__About this exercise__: Find all lines below containing the string "color" and return them.

__Dataset content__:
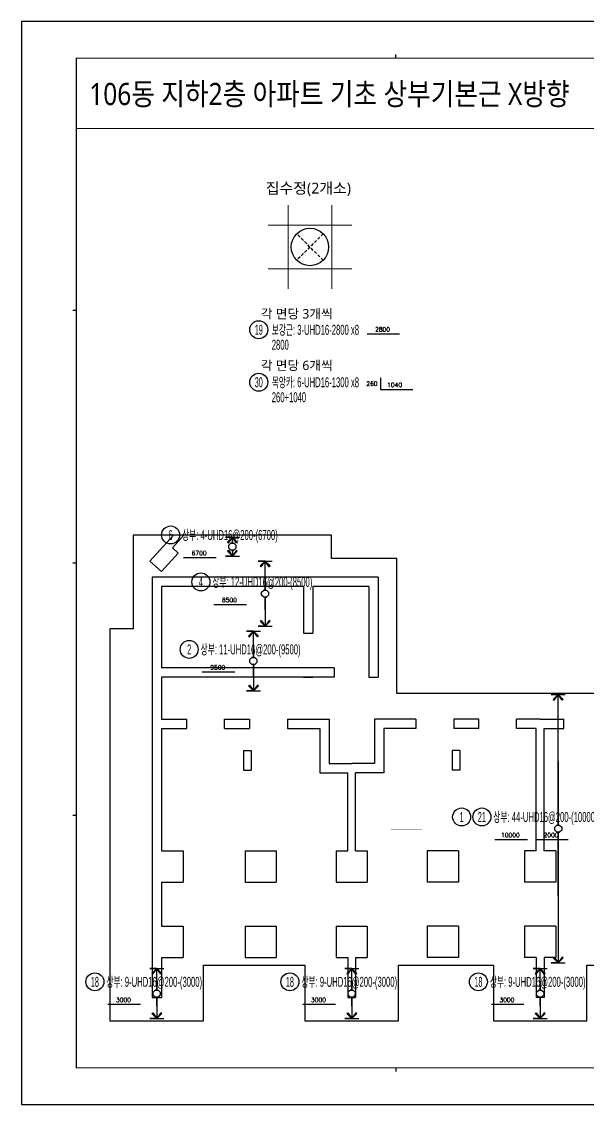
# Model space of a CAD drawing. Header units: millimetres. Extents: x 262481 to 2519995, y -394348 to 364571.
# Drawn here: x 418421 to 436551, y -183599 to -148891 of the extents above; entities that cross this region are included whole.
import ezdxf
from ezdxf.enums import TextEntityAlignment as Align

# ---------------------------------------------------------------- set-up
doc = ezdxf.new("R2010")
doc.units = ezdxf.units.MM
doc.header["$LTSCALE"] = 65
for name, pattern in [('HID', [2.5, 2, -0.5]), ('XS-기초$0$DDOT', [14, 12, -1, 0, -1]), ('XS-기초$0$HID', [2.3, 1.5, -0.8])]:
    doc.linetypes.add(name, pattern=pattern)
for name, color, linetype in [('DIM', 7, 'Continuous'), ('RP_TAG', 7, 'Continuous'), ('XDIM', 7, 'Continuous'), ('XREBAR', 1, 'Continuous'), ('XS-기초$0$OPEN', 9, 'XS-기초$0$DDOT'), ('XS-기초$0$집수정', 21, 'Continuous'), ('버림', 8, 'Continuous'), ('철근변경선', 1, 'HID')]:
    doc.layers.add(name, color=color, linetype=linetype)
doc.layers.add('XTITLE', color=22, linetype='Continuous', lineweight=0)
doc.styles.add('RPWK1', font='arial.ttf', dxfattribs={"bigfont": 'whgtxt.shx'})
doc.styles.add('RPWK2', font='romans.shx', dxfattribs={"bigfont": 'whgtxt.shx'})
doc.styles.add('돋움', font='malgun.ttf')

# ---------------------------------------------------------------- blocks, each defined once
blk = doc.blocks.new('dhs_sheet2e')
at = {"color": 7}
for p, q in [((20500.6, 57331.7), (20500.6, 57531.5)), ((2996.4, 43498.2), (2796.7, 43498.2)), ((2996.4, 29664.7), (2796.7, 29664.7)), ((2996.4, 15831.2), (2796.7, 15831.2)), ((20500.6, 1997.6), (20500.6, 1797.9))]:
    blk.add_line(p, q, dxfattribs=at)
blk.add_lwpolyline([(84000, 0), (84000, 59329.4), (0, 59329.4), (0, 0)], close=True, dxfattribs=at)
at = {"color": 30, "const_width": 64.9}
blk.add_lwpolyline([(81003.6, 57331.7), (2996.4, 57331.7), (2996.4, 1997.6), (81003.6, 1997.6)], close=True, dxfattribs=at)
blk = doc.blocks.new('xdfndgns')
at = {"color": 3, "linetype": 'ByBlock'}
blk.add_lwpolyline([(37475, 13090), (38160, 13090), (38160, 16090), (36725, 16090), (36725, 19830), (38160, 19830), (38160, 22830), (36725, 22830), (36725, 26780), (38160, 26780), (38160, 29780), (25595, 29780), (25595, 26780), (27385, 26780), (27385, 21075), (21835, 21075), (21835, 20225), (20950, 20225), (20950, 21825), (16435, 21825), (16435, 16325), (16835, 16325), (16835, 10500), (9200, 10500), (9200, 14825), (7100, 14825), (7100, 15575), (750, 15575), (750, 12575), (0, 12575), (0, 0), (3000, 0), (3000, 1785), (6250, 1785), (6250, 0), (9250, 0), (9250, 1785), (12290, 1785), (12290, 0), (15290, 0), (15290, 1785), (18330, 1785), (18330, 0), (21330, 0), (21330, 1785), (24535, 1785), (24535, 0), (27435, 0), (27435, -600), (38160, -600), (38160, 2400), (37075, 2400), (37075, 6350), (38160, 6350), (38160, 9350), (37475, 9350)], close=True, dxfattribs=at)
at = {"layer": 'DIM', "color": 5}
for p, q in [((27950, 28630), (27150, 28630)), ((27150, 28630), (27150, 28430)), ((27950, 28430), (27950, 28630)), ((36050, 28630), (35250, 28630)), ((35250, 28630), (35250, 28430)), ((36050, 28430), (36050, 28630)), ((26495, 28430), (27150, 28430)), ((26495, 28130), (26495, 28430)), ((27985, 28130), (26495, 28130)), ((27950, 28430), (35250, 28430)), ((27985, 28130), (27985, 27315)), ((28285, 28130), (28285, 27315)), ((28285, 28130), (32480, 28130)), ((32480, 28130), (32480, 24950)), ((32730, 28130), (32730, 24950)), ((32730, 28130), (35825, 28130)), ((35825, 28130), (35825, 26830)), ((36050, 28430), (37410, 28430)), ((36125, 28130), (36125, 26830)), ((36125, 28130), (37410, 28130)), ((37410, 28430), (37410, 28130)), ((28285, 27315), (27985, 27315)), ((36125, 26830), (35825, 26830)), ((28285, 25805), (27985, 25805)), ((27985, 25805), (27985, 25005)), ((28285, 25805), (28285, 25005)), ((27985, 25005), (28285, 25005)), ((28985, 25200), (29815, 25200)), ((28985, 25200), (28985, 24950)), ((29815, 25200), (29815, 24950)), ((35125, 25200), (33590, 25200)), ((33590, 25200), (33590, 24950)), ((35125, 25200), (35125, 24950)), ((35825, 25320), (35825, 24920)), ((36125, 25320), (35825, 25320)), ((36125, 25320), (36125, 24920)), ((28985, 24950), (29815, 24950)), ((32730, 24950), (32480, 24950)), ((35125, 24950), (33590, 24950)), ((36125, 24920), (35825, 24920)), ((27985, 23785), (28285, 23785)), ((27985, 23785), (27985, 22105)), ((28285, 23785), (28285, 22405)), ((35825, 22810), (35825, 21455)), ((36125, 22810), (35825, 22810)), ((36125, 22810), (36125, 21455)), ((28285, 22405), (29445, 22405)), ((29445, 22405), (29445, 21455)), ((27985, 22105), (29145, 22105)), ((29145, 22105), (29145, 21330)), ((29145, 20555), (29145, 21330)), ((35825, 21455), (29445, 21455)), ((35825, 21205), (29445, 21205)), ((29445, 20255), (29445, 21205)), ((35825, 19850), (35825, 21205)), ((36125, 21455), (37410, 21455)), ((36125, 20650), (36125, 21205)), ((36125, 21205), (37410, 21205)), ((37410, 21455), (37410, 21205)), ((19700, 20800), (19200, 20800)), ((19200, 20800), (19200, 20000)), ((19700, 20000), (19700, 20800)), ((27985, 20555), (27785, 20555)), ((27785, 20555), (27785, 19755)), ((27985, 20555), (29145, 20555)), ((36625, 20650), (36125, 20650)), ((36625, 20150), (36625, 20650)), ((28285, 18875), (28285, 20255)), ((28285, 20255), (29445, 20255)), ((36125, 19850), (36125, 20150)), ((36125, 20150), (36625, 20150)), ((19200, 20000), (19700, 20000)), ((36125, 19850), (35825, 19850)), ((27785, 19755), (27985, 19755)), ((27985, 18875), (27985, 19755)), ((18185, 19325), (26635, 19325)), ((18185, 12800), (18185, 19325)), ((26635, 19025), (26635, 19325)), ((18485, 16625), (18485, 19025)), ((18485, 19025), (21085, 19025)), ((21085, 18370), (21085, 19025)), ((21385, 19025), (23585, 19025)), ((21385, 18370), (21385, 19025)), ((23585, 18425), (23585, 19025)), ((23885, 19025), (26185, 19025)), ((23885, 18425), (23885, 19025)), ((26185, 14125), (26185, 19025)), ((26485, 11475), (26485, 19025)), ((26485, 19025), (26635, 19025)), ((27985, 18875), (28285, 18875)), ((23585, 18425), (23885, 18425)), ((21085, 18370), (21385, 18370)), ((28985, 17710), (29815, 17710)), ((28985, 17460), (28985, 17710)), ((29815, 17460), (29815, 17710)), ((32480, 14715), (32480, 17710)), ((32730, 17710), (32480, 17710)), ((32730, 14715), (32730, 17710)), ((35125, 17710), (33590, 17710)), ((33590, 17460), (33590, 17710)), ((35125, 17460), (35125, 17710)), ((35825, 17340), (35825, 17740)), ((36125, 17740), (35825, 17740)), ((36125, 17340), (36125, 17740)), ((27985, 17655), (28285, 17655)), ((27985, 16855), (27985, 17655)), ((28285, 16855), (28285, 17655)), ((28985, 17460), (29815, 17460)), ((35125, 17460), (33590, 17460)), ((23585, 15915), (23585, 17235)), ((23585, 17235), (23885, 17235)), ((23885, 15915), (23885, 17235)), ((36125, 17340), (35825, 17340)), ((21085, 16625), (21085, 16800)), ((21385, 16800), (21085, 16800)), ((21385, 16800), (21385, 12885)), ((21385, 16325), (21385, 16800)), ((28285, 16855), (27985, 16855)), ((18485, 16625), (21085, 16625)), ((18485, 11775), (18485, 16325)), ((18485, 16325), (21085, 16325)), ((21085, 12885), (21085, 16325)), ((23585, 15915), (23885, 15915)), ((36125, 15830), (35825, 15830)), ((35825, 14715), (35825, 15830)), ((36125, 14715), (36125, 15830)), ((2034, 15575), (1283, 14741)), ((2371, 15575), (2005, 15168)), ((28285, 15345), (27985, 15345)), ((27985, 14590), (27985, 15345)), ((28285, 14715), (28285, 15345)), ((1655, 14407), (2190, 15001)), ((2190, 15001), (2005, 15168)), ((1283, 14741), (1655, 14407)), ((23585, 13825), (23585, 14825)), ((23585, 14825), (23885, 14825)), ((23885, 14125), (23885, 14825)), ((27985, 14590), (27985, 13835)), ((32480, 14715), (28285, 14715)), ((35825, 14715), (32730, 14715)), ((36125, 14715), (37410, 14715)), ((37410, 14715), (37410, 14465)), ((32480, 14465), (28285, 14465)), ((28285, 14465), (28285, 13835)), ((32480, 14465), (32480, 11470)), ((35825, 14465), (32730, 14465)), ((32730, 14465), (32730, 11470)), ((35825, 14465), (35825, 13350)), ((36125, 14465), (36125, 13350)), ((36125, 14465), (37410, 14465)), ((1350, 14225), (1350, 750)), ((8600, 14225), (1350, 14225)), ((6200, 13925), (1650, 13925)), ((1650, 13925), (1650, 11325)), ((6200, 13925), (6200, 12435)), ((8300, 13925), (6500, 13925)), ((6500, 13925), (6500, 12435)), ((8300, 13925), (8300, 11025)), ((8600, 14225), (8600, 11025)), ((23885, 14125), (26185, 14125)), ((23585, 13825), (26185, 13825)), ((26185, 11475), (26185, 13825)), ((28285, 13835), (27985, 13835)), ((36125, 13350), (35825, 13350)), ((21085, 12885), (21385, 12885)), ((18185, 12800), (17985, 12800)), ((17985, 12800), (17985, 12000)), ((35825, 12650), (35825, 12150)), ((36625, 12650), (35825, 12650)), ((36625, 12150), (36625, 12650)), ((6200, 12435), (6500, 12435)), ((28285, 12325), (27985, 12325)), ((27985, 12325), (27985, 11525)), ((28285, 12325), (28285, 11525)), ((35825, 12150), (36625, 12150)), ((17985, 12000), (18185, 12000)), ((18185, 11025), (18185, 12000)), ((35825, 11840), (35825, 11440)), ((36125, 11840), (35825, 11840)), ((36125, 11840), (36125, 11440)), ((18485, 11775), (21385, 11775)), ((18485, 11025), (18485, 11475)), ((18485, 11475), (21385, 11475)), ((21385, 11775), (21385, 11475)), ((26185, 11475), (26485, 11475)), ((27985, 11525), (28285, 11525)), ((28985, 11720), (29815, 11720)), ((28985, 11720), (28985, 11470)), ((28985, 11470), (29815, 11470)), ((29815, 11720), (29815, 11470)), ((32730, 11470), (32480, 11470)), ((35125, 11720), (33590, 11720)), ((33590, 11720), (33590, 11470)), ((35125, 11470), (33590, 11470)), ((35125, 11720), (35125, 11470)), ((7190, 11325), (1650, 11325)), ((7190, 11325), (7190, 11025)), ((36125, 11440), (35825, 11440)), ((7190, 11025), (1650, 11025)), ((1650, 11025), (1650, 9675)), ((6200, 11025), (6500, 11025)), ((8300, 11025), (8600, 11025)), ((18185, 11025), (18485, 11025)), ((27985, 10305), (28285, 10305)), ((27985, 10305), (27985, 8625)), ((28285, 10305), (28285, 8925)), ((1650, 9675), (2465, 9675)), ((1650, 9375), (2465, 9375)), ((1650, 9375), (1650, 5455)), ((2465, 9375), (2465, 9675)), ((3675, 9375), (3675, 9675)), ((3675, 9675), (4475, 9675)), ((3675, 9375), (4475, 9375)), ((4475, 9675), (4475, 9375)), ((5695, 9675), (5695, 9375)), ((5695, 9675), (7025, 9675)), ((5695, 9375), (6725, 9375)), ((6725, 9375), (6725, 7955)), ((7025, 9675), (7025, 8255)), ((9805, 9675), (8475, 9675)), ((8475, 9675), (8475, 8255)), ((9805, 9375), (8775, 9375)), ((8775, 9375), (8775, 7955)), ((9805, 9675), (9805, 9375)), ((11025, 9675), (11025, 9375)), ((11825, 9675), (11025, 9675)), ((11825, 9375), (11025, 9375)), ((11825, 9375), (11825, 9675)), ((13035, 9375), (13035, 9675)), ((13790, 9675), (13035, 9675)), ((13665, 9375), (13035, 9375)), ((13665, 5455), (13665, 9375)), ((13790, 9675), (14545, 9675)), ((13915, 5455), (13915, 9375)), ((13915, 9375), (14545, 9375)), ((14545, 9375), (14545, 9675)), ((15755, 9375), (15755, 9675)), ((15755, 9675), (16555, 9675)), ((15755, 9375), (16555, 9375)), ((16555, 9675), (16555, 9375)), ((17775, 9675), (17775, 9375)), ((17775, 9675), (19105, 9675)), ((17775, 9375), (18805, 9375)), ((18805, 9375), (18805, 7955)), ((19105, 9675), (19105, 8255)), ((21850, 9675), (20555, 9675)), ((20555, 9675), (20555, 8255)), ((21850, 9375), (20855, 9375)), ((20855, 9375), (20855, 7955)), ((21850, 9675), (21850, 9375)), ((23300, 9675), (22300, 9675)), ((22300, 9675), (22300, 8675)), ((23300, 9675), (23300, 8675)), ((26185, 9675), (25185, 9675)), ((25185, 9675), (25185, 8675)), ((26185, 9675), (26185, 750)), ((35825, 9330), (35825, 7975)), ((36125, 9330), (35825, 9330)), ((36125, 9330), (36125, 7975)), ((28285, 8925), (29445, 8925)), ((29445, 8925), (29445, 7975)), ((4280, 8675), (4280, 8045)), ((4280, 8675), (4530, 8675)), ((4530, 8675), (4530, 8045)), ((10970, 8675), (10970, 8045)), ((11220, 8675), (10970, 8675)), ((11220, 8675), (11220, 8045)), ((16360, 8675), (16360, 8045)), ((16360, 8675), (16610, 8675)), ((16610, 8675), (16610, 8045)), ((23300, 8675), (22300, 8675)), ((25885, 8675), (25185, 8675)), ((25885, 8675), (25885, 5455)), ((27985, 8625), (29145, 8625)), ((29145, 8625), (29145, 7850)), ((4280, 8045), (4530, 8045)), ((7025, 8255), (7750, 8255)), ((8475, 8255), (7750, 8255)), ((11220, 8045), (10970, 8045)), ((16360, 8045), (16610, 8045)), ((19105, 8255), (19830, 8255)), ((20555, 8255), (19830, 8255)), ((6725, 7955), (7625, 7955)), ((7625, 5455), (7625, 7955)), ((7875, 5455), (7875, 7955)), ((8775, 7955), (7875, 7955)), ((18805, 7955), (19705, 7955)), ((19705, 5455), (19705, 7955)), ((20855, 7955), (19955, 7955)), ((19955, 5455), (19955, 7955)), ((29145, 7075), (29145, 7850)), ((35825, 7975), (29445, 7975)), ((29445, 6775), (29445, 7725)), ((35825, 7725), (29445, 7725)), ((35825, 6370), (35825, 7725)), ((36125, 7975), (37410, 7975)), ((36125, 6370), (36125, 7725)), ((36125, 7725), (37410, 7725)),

__Solution to the exercise__:
for name, color, linetype in [('DIM', 7, 'Continuous'), ('RP_TAG', 7, 'Continuous'), ('XDIM', 7, 'Continuous'), ('XREBAR', 1, 'Continuous'), ('XS-기초$0$OPEN', 9, 'XS-기초$0$DDOT'), ('XS-기초$0$집수정', 21, 'Continuous'), ('버림', 8, 'Continuous'), ('철근변경선', 1, 'HID')]:
    doc.layers.add(name, color=color, linetype=linetype)
doc.layers.add('XTITLE', color=22, linetype='Continuous', lineweight=0)
at = {"color": 7}
at = {"color": 30, "const_width": 64.9}
at = {"color": 3, "linetype": 'ByBlock'}
at = {"layer": 'DIM', "color": 5}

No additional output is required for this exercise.